Find the line with "#153=ORIENTED_EDGE('',*,*,#152,.T.);" in the entries below. Repeat it, every following line, and the line with "#164=VECTOR('',#163,1.);", exactly and with nothing added.

╭─ Given records

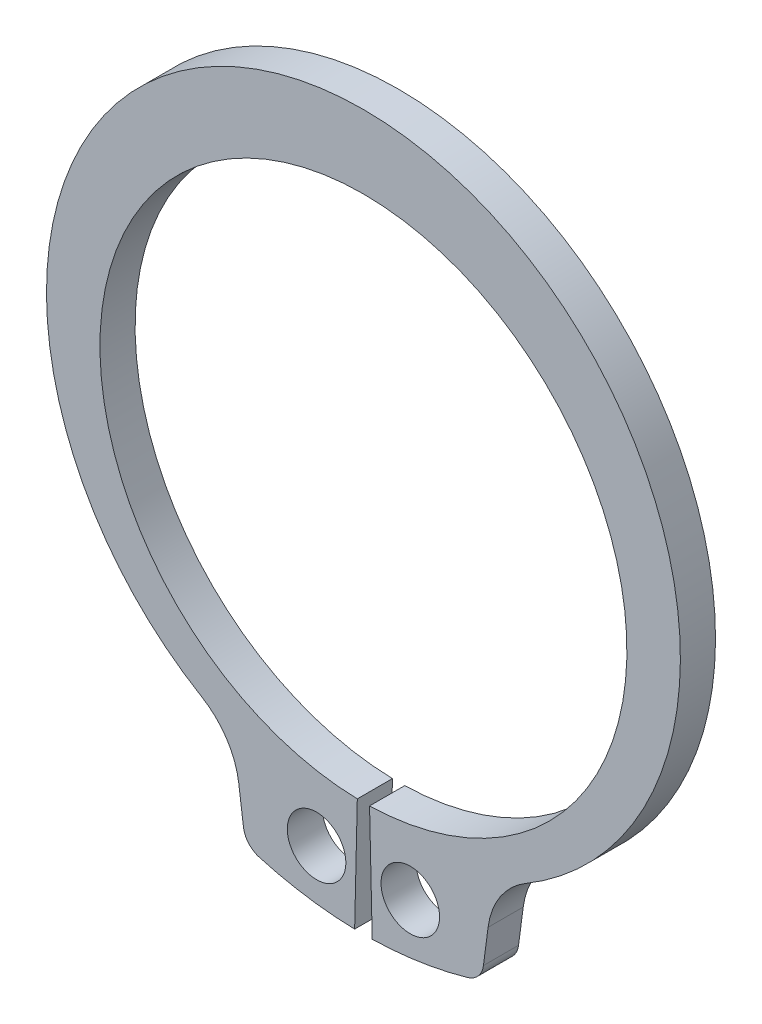
ISO-10303-21;
HEADER;
FILE_DESCRIPTION(('STEP AP214'),'2;1');
FILE_NAME('part.step','',(''),(''),'','','');
FILE_SCHEMA(('AUTOMOTIVE_DESIGN { 1 0 10303 214 1 1 1 1 }'));
ENDSEC;
DATA;
#1=APPLICATION_CONTEXT('core data for automotive mechanical design processes');
#2=APPLICATION_PROTOCOL_DEFINITION('international standard','automotive_design',2000,#1);
#3=PRODUCT_CONTEXT('',#1,'mechanical');
#4=PRODUCT('Part','Part','',(#3));
#5=PRODUCT_RELATED_PRODUCT_CATEGORY('part','',(#4));
#6=PRODUCT_DEFINITION_FORMATION('','',#4);
#7=PRODUCT_DEFINITION_CONTEXT('part definition',#1,'design');
#8=PRODUCT_DEFINITION('design','',#6,#7);
#9=PRODUCT_DEFINITION_SHAPE('','',#8);
#10=(LENGTH_UNIT() NAMED_UNIT(*) SI_UNIT(.MILLI.,.METRE.));
#11=(NAMED_UNIT(*) PLANE_ANGLE_UNIT() SI_UNIT($,.RADIAN.));
#12=(NAMED_UNIT(*) SI_UNIT($,.STERADIAN.) SOLID_ANGLE_UNIT());
#13=UNCERTAINTY_MEASURE_WITH_UNIT(LENGTH_MEASURE(1.E-05),#10,'distance_accuracy_value','');
#14=(GEOMETRIC_REPRESENTATION_CONTEXT(3) GLOBAL_UNCERTAINTY_ASSIGNED_CONTEXT((#13)) GLOBAL_UNIT_ASSIGNED_CONTEXT((#10,
#11,#12)) REPRESENTATION_CONTEXT('',''));
#15=CARTESIAN_POINT('',(0.,0.,0.));
#16=DIRECTION('',(0.,0.,1.));
#17=DIRECTION('',(1.,0.,0.));
#18=AXIS2_PLACEMENT_3D('',#15,#16,#17);
#19=CARTESIAN_POINT('',(0.,0.,-1.2));
#20=DIRECTION('',(0.,0.,1.));
#21=DIRECTION('',(1.,0.,0.));
#22=AXIS2_PLACEMENT_3D('',#19,#20,#21);
#23=CYLINDRICAL_SURFACE('',#22,9.);
#24=CARTESIAN_POINT('',(0.,0.,0.));
#25=DIRECTION('',(0.,0.,-1.));
#26=DIRECTION('',(1.,0.,0.));
#27=AXIS2_PLACEMENT_3D('',#24,#25,#26);
#28=CIRCLE('',#27,9.);
#29=CARTESIAN_POINT('',(-0.209302325581395,-8.99756592287637,0.));
#30=VERTEX_POINT('',#29);
#31=CARTESIAN_POINT('',(0.209302325581395,-8.99756592287637,0.));
#32=VERTEX_POINT('',#31);
#33=EDGE_CURVE('E157',#30,#32,#28,.T.);
#34=ORIENTED_EDGE('',*,*,#33,.F.);
#35=DIRECTION('',(0.,0.,1.));
#36=VECTOR('',#35,1.);
#37=CARTESIAN_POINT('',(-0.209302325581395,-8.99756592287637,-1.2));
#38=LINE('',#37,#36);
#39=CARTESIAN_POINT('',(-0.209302325581395,-8.99756592287637,-1.2));
#40=VERTEX_POINT('',#39);
#41=EDGE_CURVE('E11',#40,#30,#38,.T.);
#42=ORIENTED_EDGE('',*,*,#41,.F.);
#43=CARTESIAN_POINT('',(0.,0.,-1.2));
#44=DIRECTION('',(0.,0.,-1.));
#45=DIRECTION('',(1.,0.,0.));
#46=AXIS2_PLACEMENT_3D('',#43,#44,#45);
#47=CIRCLE('',#46,9.);
#48=CARTESIAN_POINT('',(0.209302325581395,-8.99756592287637,-1.2));
#49=VERTEX_POINT('',#48);
#50=EDGE_CURVE('E190',#40,#49,#47,.T.);
#51=ORIENTED_EDGE('',*,*,#50,.T.);
#52=DIRECTION('',(0.,0.,1.));
#53=VECTOR('',#52,1.);
#54=CARTESIAN_POINT('',(0.209302325581395,-8.99756592287637,-1.2));
#55=LINE('',#54,#53);
#56=EDGE_CURVE('E39',#49,#32,#55,.T.);
#57=ORIENTED_EDGE('',*,*,#56,.T.);
#58=EDGE_LOOP('',(#34,#42,#51,#57));
#59=FACE_BOUND('',#58,.T.);
#60=ADVANCED_FACE('F36',(#59),#23,.F.);
#61=CARTESIAN_POINT('',(-0.209302325581395,-8.99756592287637,-1.2));
#62=DIRECTION('',(0.999729546986264,-0.0232558139534884,0.));
#63=DIRECTION('',(0.0232558139534884,0.999729546986264,0.));
#64=AXIS2_PLACEMENT_3D('',#61,#62,#63);
#65=PLANE('',#64);
#66=DIRECTION('',(0.0232558139534884,0.999729546986264,0.));
#67=VECTOR('',#66,1.);
#68=CARTESIAN_POINT('',(-0.209302325581395,-8.99756592287637,0.));
#69=LINE('',#68,#67);
#70=CARTESIAN_POINT('',(-0.3,-12.8965111561228,0.));
#71=VERTEX_POINT('',#70);
#72=EDGE_CURVE('E188',#71,#30,#69,.T.);
#73=ORIENTED_EDGE('',*,*,#72,.F.);
#74=DIRECTION('',(0.,0.,1.));
#75=VECTOR('',#74,1.);
#76=CARTESIAN_POINT('',(-0.3,-12.8965111561228,-1.2));
#77=LINE('',#76,#75);
#78=CARTESIAN_POINT('',(-0.3,-12.8965111561228,-1.2));
#79=VERTEX_POINT('',#78);
#80=EDGE_CURVE('E45',#79,#71,#77,.T.);
#81=ORIENTED_EDGE('',*,*,#80,.F.);
#82=DIRECTION('',(0.0232558139534884,0.999729546986264,0.));
#83=VECTOR('',#82,1.);
#84=CARTESIAN_POINT('',(-0.209302325581395,-8.99756592287637,-1.2));
#85=LINE('',#84,#83);
#86=EDGE_CURVE('E147',#79,#40,#85,.T.);
#87=ORIENTED_EDGE('',*,*,#86,.T.);
#88=ORIENTED_EDGE('',*,*,#41,.T.);
#89=EDGE_LOOP('',(#73,#81,#87,#88));
#90=FACE_BOUND('',#89,.T.);
#91=ADVANCED_FACE('F210',(#90),#65,.T.);
#92=CARTESIAN_POINT('',(0.,0.,-1.2));
#93=DIRECTION('',(0.,0.,1.));
#94=DIRECTION('',(1.,0.,0.));
#95=AXIS2_PLACEMENT_3D('',#92,#93,#94);
#96=CYLINDRICAL_SURFACE('',#95,12.9);
#97=CARTESIAN_POINT('',(0.,0.,0.));
#98=DIRECTION('',(0.,0.,1.));
#99=DIRECTION('',(1.,0.,0.));
#100=AXIS2_PLACEMENT_3D('',#97,#98,#99);
#101=CIRCLE('',#100,12.9);
#102=CARTESIAN_POINT('',(-3.56180012924144,-12.3985313581624,0.));
#103=VERTEX_POINT('',#102);
#104=EDGE_CURVE('E134',#103,#71,#101,.T.);
#105=ORIENTED_EDGE('',*,*,#104,.F.);
#106=DIRECTION('',(0.,0.,1.));
#107=VECTOR('',#106,1.);
#108=CARTESIAN_POINT('',(-3.56180012924144,-12.3985313581624,-1.2));
#109=LINE('',#108,#107);
#110=CARTESIAN_POINT('',(-3.56180012924144,-12.3985313581624,-1.2));
#111=VERTEX_POINT('',#110);
#112=EDGE_CURVE('E129',#111,#103,#109,.T.);
#113=ORIENTED_EDGE('',*,*,#112,.F.);
#114=CARTESIAN_POINT('',(0.,0.,-1.2));
#115=DIRECTION('',(0.,0.,1.));
#116=DIRECTION('',(1.,0.,0.));
#117=AXIS2_PLACEMENT_3D('',#114,#115,#116);
#118=CIRCLE('',#117,12.9);
#119=EDGE_CURVE('E132',#111,#79,#118,.T.);
#120=ORIENTED_EDGE('',*,*,#119,.T.);
#121=ORIENTED_EDGE('',*,*,#80,.T.);
#122=EDGE_LOOP('',(#105,#113,#120,#121));
#123=FACE_BOUND('',#122,.T.);
#124=ADVANCED_FACE('F131',(#123),#96,.T.);
#125=CARTESIAN_POINT('',(-3.35471872637856,-11.6776865117576,-1.2));
#126=DIRECTION('',(0.,0.,1.));
#127=DIRECTION('',(1.,0.,0.));
#128=AXIS2_PLACEMENT_3D('',#125,#126,#127);
#129=CYLINDRICAL_SURFACE('',#128,0.749999999999998);
#130=CARTESIAN_POINT('',(-3.35471872637856,-11.6776865117576,0.));
#131=DIRECTION('',(0.,0.,1.));
#132=DIRECTION('',(1.,0.,0.));
#133=AXIS2_PLACEMENT_3D('',#130,#131,#132);
#134=CIRCLE('',#133,0.749999999999998);
#135=CARTESIAN_POINT('',(-4.09830237240892,-11.7755811559226,0.));
#136=VERTEX_POINT('',#135);
#137=EDGE_CURVE('E185',#136,#103,#134,.T.);
#138=ORIENTED_EDGE('',*,*,#137,.F.);
#139=DIRECTION('',(0.,0.,1.));
#140=VECTOR('',#139,1.);
#141=CARTESIAN_POINT('',(-4.09830237240892,-11.7755811559226,-1.2));
#142=LINE('',#141,#140);
#143=CARTESIAN_POINT('',(-4.09830237240892,-11.7755811559226,-1.2));
#144=VERTEX_POINT('',#143);
#145=EDGE_CURVE('E139',#144,#136,#142,.T.);
#146=ORIENTED_EDGE('',*,*,#145,.F.);
#147=CARTESIAN_POINT('',(-3.35471872637856,-11.6776865117576,-1.2));
#148=DIRECTION('',(0.,0.,1.));
#149=DIRECTION('',(1.,0.,0.));
#150=AXIS2_PLACEMENT_3D('',#147,#148,#149);
#151=CIRCLE('',#150,0.749999999999998);
#152=EDGE_CURVE('E145',#144,#111,#151,.T.);
#153=ORIENTED_EDGE('',*,*,#152,.T.);
#154=ORIENTED_EDGE('',*,*,#112,.T.);
#155=EDGE_LOOP('',(#138,#146,#153,#154));
#156=FACE_BOUND('',#155,.T.);
#157=ADVANCED_FACE('F149',(#156),#129,.T.);
#158=CARTESIAN_POINT('',(-4.25782020599012,-10.5639229154452,-1.2));
#159=DIRECTION('',(-0.99144486137381,-0.130526192220052,0.));
#160=DIRECTION('',(0.130526192220052,-0.99144486137381,0.));
#161=AXIS2_PLACEMENT_3D('',#158,#159,#160);
#162=PLANE('',#161);
#163=DIRECTION('',(0.130526192220052,-0.99144486137381,0.));
#164=VECTOR('',#163,1.);
#165=CARTESIAN_POINT('',(-4.25782020599012,-10.5639229154452,0.));
#166=LINE('',#165,#164);
#167=CARTESIAN_POINT('',(-4.25782020599012,-10.5639229154452,0.));
#168=VERTEX_POINT('',#167);
#169=EDGE_CURVE('E182',#168,#136,#166,.T.);
#170=ORIENTED_EDGE('',*,*,#169,.F.);
#171=DIRECTION('',(0.,0.,1.));
#172=VECTOR('',#171,1.);
#173=CARTESIAN_POINT('',(-4.25782020599012,-10.5639229154452,-1.2));
#174=LINE('',#173,#172);
#175=CARTESIAN_POINT('',(-4.25782020599012,-10.5639229154452,-1.2));
#176=VERTEX_POINT('',#175);
#177=EDGE_CURVE('E194',#176,#168,#174,.T.);
#178=ORIENTED_EDGE('',*,*,#177,.F.);
#179=DIRECTION('',(0.130526192220052,-0.99144486137381,0.));
#180=VECTOR('',#179,1.);
#181=CARTESIAN_POINT('',(-4.25782020599012,-10.5639229154452,-1.2));
#182=LINE('',#181,#180);
#183=EDGE_CURVE('E150',#176,#144,#182,.T.);
#184=ORIENTED_EDGE('',*,*,#183,.T.);
#185=ORIENTED_EDGE('',*,*,#145,.T.);
#186=EDGE_LOOP('',(#170,#178,#184,#185));
#187=FACE_BOUND('',#186,.T.);
#188=ADVANCED_FACE('F223',(#187),#162,.T.);
#189=CARTESIAN_POINT('',(-6.88398382258035,-10.9096639146425,-1.2));
#190=DIRECTION('',(0.,0.,1.));
#191=DIRECTION('',(1.,0.,0.));
#192=AXIS2_PLACEMENT_3D('',#189,#190,#191);
#193=CYLINDRICAL_SURFACE('',#192,2.64882467891482);
#194=CARTESIAN_POINT('',(-6.88398382258035,-10.9096639146425,0.));
#195=DIRECTION('',(0.,0.,-1.));
#196=DIRECTION('',(1.,0.,0.));
#197=AXIS2_PLACEMENT_3D('',#194,#195,#196);
#198=CIRCLE('',#197,2.64882467891482);
#199=CARTESIAN_POINT('',(-5.53075827811954,-8.6325928122289,0.));
#200=VERTEX_POINT('',#199);
#201=EDGE_CURVE('E179',#200,#168,#198,.T.);
#202=ORIENTED_EDGE('',*,*,#201,.F.);
#203=DIRECTION('',(0.,0.,1.));
#204=VECTOR('',#203,1.);
#205=CARTESIAN_POINT('',(-5.53075827811954,-8.6325928122289,-1.2));
#206=LINE('',#205,#204);
#207=CARTESIAN_POINT('',(-5.53075827811954,-8.6325928122289,-1.2));
#208=VERTEX_POINT('',#207);
#209=EDGE_CURVE('E196',#208,#200,#206,.T.);
#210=ORIENTED_EDGE('',*,*,#209,.F.);
#211=CARTESIAN_POINT('',(-6.88398382258035,-10.9096639146425,-1.2));
#212=DIRECTION('',(0.,0.,-1.));
#213=DIRECTION('',(1.,0.,0.));
#214=AXIS2_PLACEMENT_3D('',#211,#212,#213);
#215=CIRCLE('',#214,2.64882467891482);
#216=EDGE_CURVE('E152',#208,#176,#215,.T.);
#217=ORIENTED_EDGE('',*,*,#216,.T.);
#218=ORIENTED_EDGE('',*,*,#177,.T.);
#219=EDGE_LOOP('',(#202,#210,#217,#218));
#220=FACE_BOUND('',#219,.T.);
#221=ADVANCED_FACE('F226',(#220),#193,.F.);
#222=CARTESIAN_POINT('',(0.,0.674007924870493,-1.2));
#223=DIRECTION('',(0.,0.,1.));
#224=DIRECTION('',(1.,0.,0.));
#225=AXIS2_PLACEMENT_3D('',#222,#223,#224);
#226=CYLINDRICAL_SURFACE('',#225,10.8259920751295);
#227=CARTESIAN_POINT('',(0.,0.674007924870493,0.));
#228=DIRECTION('',(0.,0.,1.));
#229=DIRECTION('',(1.,0.,0.));
#230=AXIS2_PLACEMENT_3D('',#227,#228,#229);
#231=CIRCLE('',#230,10.8259920751295);
#232=CARTESIAN_POINT('',(5.53075827811955,-8.6325928122289,0.));
#233=VERTEX_POINT('',#232);
#234=EDGE_CURVE('E176',#233,#200,#231,.T.);
#235=ORIENTED_EDGE('',*,*,#234,.F.);
#236=DIRECTION('',(0.,0.,1.));
#237=VECTOR('',#236,1.);
#238=CARTESIAN_POINT('',(5.53075827811955,-8.6325928122289,-1.2));
#239=LINE('',#238,#237);
#240=CARTESIAN_POINT('',(5.53075827811955,-8.6325928122289,-1.2));
#241=VERTEX_POINT('',#240);
#242=EDGE_CURVE('E198',#241,#233,#239,.T.);
#243=ORIENTED_EDGE('',*,*,#242,.F.);
#244=CARTESIAN_POINT('',(0.,0.674007924870493,-1.2));
#245=DIRECTION('',(0.,0.,1.));
#246=DIRECTION('',(1.,0.,0.));
#247=AXIS2_PLACEMENT_3D('',#244,#245,#246);
#248=CIRCLE('',#247,10.8259920751295);
#249=EDGE_CURVE('E300',#241,#208,#248,.T.);
#250=ORIENTED_EDGE('',*,*,#249,.T.);
#251=ORIENTED_EDGE('',*,*,#209,.T.);
#252=EDGE_LOOP('',(#235,#243,#250,#251));
#253=FACE_BOUND('',#252,.T.);
#254=ADVANCED_FACE('F230',(#253),#226,.T.);
#255=CARTESIAN_POINT('',(6.88398382258035,-10.9096639146425,-1.2));
#256=DIRECTION('',(0.,0.,1.));
#257=DIRECTION('',(1.,0.,0.));
#258=AXIS2_PLACEMENT_3D('',#255,#256,#257);
#259=CYLINDRICAL_SURFACE('',#258,2.64882467891482);
#260=CARTESIAN_POINT('',(6.88398382258035,-10.9096639146425,0.));
#261=DIRECTION('',(0.,0.,-1.));
#262=DIRECTION('',(1.,0.,0.));
#263=AXIS2_PLACEMENT_3D('',#260,#261,#262);
#264=CIRCLE('',#263,2.64882467891482);
#265=CARTESIAN_POINT('',(4.25782020599012,-10.5639229154452,0.));
#266=VERTEX_POINT('',#265);
#267=EDGE_CURVE('E173',#266,#233,#264,.T.);
#268=ORIENTED_EDGE('',*,*,#267,.F.);
#269=DIRECTION('',(0.,0.,1.));
#270=VECTOR('',#269,1.);
#271=CARTESIAN_POINT('',(4.25782020599012,-10.5639229154452,-1.2));
#272=LINE('',#271,#270);
#273=CARTESIAN_POINT('',(4.25782020599012,-10.5639229154452,-1.2));
#274=VERTEX_POINT('',#273);
#275=EDGE_CURVE('E200',#274,#266,#272,.T.);
#276=ORIENTED_EDGE('',*,*,#275,.F.);
#277=CARTESIAN_POINT('',(6.88398382258035,-10.9096639146425,-1.2));
#278=DIRECTION('',(0.,0.,-1.));
#279=DIRECTION('',(1.,0.,0.));
#280=AXIS2_PLACEMENT_3D('',#277,#278,#279);
#281=CIRCLE('',#280,2.64882467891482);
#282=EDGE_CURVE('E297',#274,#241,#281,.T.);
#283=ORIENTED_EDGE('',*,*,#282,.T.);
#284=ORIENTED_EDGE('',*,*,#242,.T.);
#285=EDGE_LOOP('',(#268,#276,#283,#284));
#286=FACE_BOUND('',#285,.T.);
#287=ADVANCED_FACE('F234',(#286),#259,.F.);
#288=CARTESIAN_POINT('',(4.25782020599012,-10.5639229154452,-1.2));
#289=DIRECTION('',(0.99144486137381,-0.130526192220052,0.));
#290=DIRECTION('',(0.130526192220052,0.99144486137381,0.));
#291=AXIS2_PLACEMENT_3D('',#288,#289,#290);
#292=PLANE('',#291);
#293=DIRECTION('',(0.130526192220052,0.99144486137381,0.));
#294=VECTOR('',#293,1.);
#295=CARTESIAN_POINT('',(4.25782020599012,-10.5639229154452,0.));
#296=LINE('',#295,#294);
#297=CARTESIAN_POINT('',(4.09830237240892,-11.7755811559226,0.));
#298=VERTEX_POINT('',#297);
#299=EDGE_CURVE('E170',#298,#266,#296,.T.);
#300=ORIENTED_EDGE('',*,*,#299,.F.);
#301=DIRECTION('',(0.,0.,1.));
#302=VECTOR('',#301,1.);
#303=CARTESIAN_POINT('',(4.09830237240892,-11.7755811559226,-1.2));
#304=LINE('',#303,#302);
#305=CARTESIAN_POINT('',(4.09830237240892,-11.7755811559226,-1.2));
#306=VERTEX_POINT('',#305);
#307=EDGE_CURVE('E202',#306,#298,#304,.T.);
#308=ORIENTED_EDGE('',*,*,#307,.F.);
#309=DIRECTION('',(0.130526192220052,0.99144486137381,0.));
#310=VECTOR('',#309,1.);
#311=CARTESIAN_POINT('',(4.25782020599012,-10.5639229154452,-1.2));
#312=LINE('',#311,#310);
#313=EDGE_CURVE('E294',#306,#274,#312,.T.);
#314=ORIENTED_EDGE('',*,*,#313,.T.);
#315=ORIENTED_EDGE('',*,*,#275,.T.);
#316=EDGE_LOOP('',(#300,#308,#314,#315));
#317=FACE_BOUND('',#316,.T.);
#318=ADVANCED_FACE('F238',(#317),#292,.T.);
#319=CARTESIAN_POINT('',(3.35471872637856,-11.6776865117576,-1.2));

╰─

» Response to this task:
#153=ORIENTED_EDGE('',*,*,#152,.T.);
#154=ORIENTED_EDGE('',*,*,#112,.T.);
#155=EDGE_LOOP('',(#138,#146,#153,#154));
#156=FACE_BOUND('',#155,.T.);
#157=ADVANCED_FACE('F149',(#156),#129,.T.);
#158=CARTESIAN_POINT('',(-4.25782020599012,-10.5639229154452,-1.2));
#159=DIRECTION('',(-0.99144486137381,-0.130526192220052,0.));
#160=DIRECTION('',(0.130526192220052,-0.99144486137381,0.));
#161=AXIS2_PLACEMENT_3D('',#158,#159,#160);
#162=PLANE('',#161);
#163=DIRECTION('',(0.130526192220052,-0.99144486137381,0.));
#164=VECTOR('',#163,1.);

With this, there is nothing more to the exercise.